Fischer bereitet Reise vor. Israelische und palästinensische Manager bauen Brücken

BERLIN/NEW YORK dpa/afp ■ Bundesaußenminister Joschka Fischer bereitet sich auf seine nächste Reise in den Nahen Osten vor. Dazu traf er sich gestern in Berlin mit Vertretern des israelischen und palästinensischen Friedenslagers. Zum Gespräch kamen der palästinensische Kultur- und Informationsminister Jassir Abed Rabbo und der ehemalige israelische Justizminister Jossi Beilin. Sie waren sich einig, dass nur durch den Wiederaufbau von Vertrauen und durch Verhandlungen Gewalt und Terror überwunden werden können, teilte das Auswärtige Amt mit.

Friedensbemühungen kommen auch von anderer Seite: Auf dem Weltwirtschaftsforum in New York haben israelische und palästinensische Unternehmensführer trotz der Gewalt im Nahen Osten eine verstärkte Zusammenarbeit angekündigt. Vertreter beider Seiten wollten „sehr bald“ ihre jeweiligen politischen Führer zu Verhandlungen drängen, kündigte der Vorsitzende der israelischen Handelskammer Dan Gillerman an.

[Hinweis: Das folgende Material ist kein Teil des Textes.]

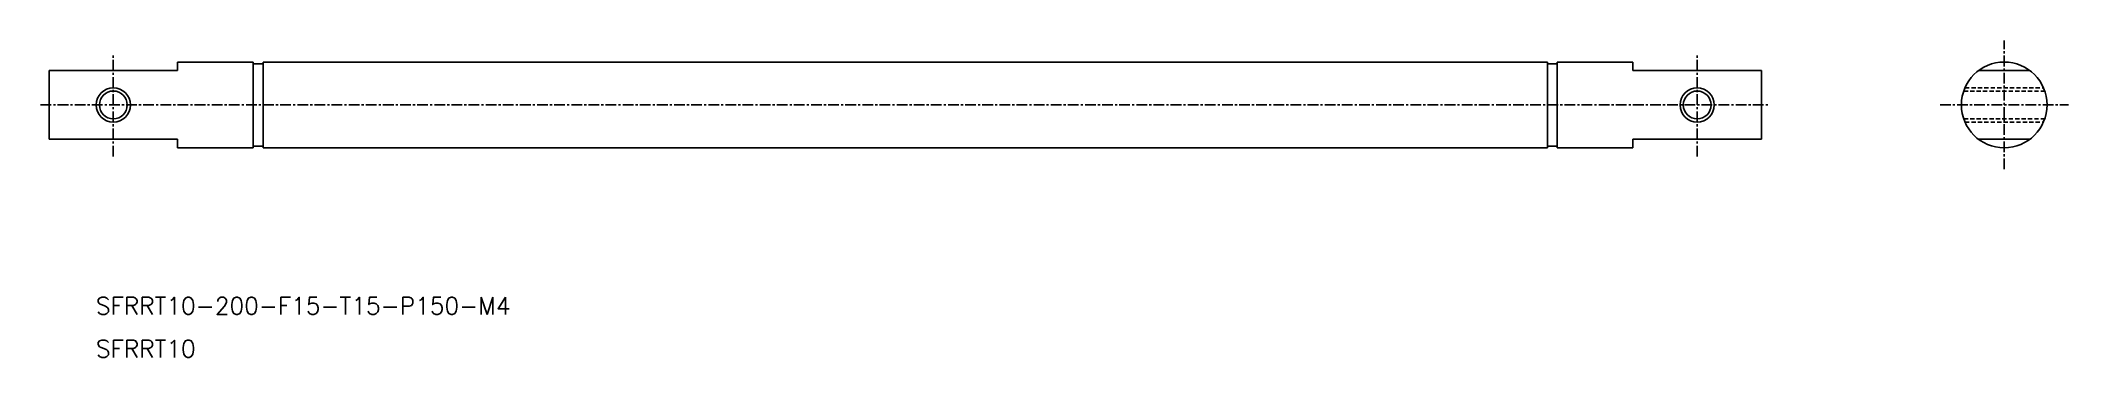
# Model space of a CAD drawing. Extents: x -25473 to -19844, y 30600 to 30973.
# Drawn here: x -25472.9 to -25236.1, y 30936.2 to 30973.1 of the extents above; entities outside this region: 1.
import ezdxf

# ---------------------------------------------------------------- set-up
doc = ezdxf.new("R2010")
doc.units = 0
doc.header["$PDMODE"] = 1
doc.linetypes.add('CENTER', pattern=[2, 1.25, -0.25, 0.25, -0.25])
doc.linetypes.add('DASHED', pattern=[0.75, 0.5, -0.25])
doc.layers.get('0').update_dxf_attribs({"linetype": 'CONTINUOUS'})
doc.layers.add('CENTER', color=1, linetype='CENTER')
doc.styles.add('MISUMI', font='txt.shx')

msp = doc.modelspace()

# ---------------------------------------------------------------- linework, layer by layer
at = {"color": 7, "linetype": 'CONTINUOUS'}
for p, q in [((-25471.94, 30961.64), (-25471.94, 30969.64)), ((-25456.94, 30969.64), (-25471.94, 30969.64)), ((-25456.94, 30970.64), (-25448.09, 30970.64)), ((-25456.94, 30969.64), (-25456.94, 30970.64)), ((-25448.09, 30960.64), (-25448.09, 30970.64)), ((-25446.94, 30970.44), (-25448.09, 30970.44)), ((-25446.94, 30960.64), (-25446.94, 30970.64)), ((-25446.94, 30970.64), (-25296.94, 30970.64)), ((-25296.94, 30960.64), (-25296.94, 30970.64)), ((-25296.94, 30970.44), (-25295.79, 30970.44)), ((-25295.79, 30960.64), (-25295.79, 30970.64)), ((-25286.94, 30970.64), (-25295.79, 30970.64)), ((-25295.79, 30970.64), (-25286.94, 30970.64)), ((-25286.94, 30969.64), (-25286.94, 30970.64)), ((-25286.94, 30969.64), (-25271.94, 30969.64)), ((-25271.94, 30961.64), (-25271.94, 30969.64)), ((-25246.58, 30969.64), (-25240.58, 30969.64)), ((-25456.94, 30961.64), (-25471.94, 30961.64)), ((-25456.94, 30960.64), (-25456.94, 30961.64)), ((-25456.94, 30960.64), (-25448.09, 30960.64)), ((-25446.94, 30960.84), (-25448.09, 30960.84)), ((-25446.94, 30960.64), (-25296.94, 30960.64)), ((-25296.94, 30960.84), (-25295.79, 30960.84)), ((-25286.94, 30960.64), (-25295.79, 30960.64)), ((-25295.79, 30960.64), (-25286.94, 30960.64)), ((-25286.94, 30961.64), (-25271.94, 30961.64)), ((-25286.94, 30960.64), (-25286.94, 30961.64)), ((-25246.58, 30961.64), (-25240.58, 30961.64))]:
    msp.add_line(p, q, dxfattribs=at)
at = {"color": 3, "linetype": 'DASHED'}
for p, q in [((-25248.31, 30967.26), (-25238.85, 30967.26)), ((-25248.16, 30967.64), (-25239, 30967.64)), ((-25248.31, 30964.01), (-25238.85, 30964.01)), ((-25248.16, 30963.64), (-25239, 30963.64))]:
    msp.add_line(p, q, dxfattribs=at)
at = {"color": 7, "linetype": 'CONTINUOUS'}
for centre, radius in [((-25243.58, 30965.64), 5), ((-25464.44, 30965.64), 1.62), ((-25279.44, 30965.64), 1.62)]:
    msp.add_circle(centre, radius, dxfattribs=at)
at = {"color": 3, "linetype": 'CONTINUOUS'}
for centre in [(-25464.44, 30965.64), (-25279.44, 30965.64)]:
    msp.add_circle(centre, 2, dxfattribs=at)
at = {"color": 7, "linetype": 'CONTINUOUS'}
msp.add_point((-19844.35, 30599.58), dxfattribs=at)
at = {"layer": 'CENTER', "color": 1, "linetype": 'CENTER'}
for p, q in [((-25243.58, 30958.14), (-25243.58, 30973.14)), ((-25464.44, 30959.64), (-25464.44, 30971.64)), ((-25279.44, 30959.64), (-25279.44, 30971.64)), ((-25472.94, 30965.64), (-25270.94, 30965.64)), ((-25251.08, 30965.64), (-25236.08, 30965.64))]:
    msp.add_line(p, q, dxfattribs=at)

# ---------------------------------------------------------------- texts
at = {"color": 7, "linetype": 'CONTINUOUS', "style": 'MISUMI'}
for s, p in [('SFRRT10-200-F15-T15-P150-M4', (-25466.47, 30941.22)), ('SFRRT10', (-25466.47, 30936.22))]:
    msp.add_text(s, height=2, dxfattribs=at).set_placement(p)

doc.saveas('drawing.dxf')

Er bezeichnete die Einrichtung einer gemeinsamen Arbeitsgruppe als „wichtigstes Ergebnis dieses Treffens“. Die Gruppe werde den Wert von Verhandlungen auch unter erschwerten Bedingungen beweisen, sagte Gillerman auf einer Pressekonferenz mit dem Chef des palästinensischen Energieunternehmens, Walid Nadschjab.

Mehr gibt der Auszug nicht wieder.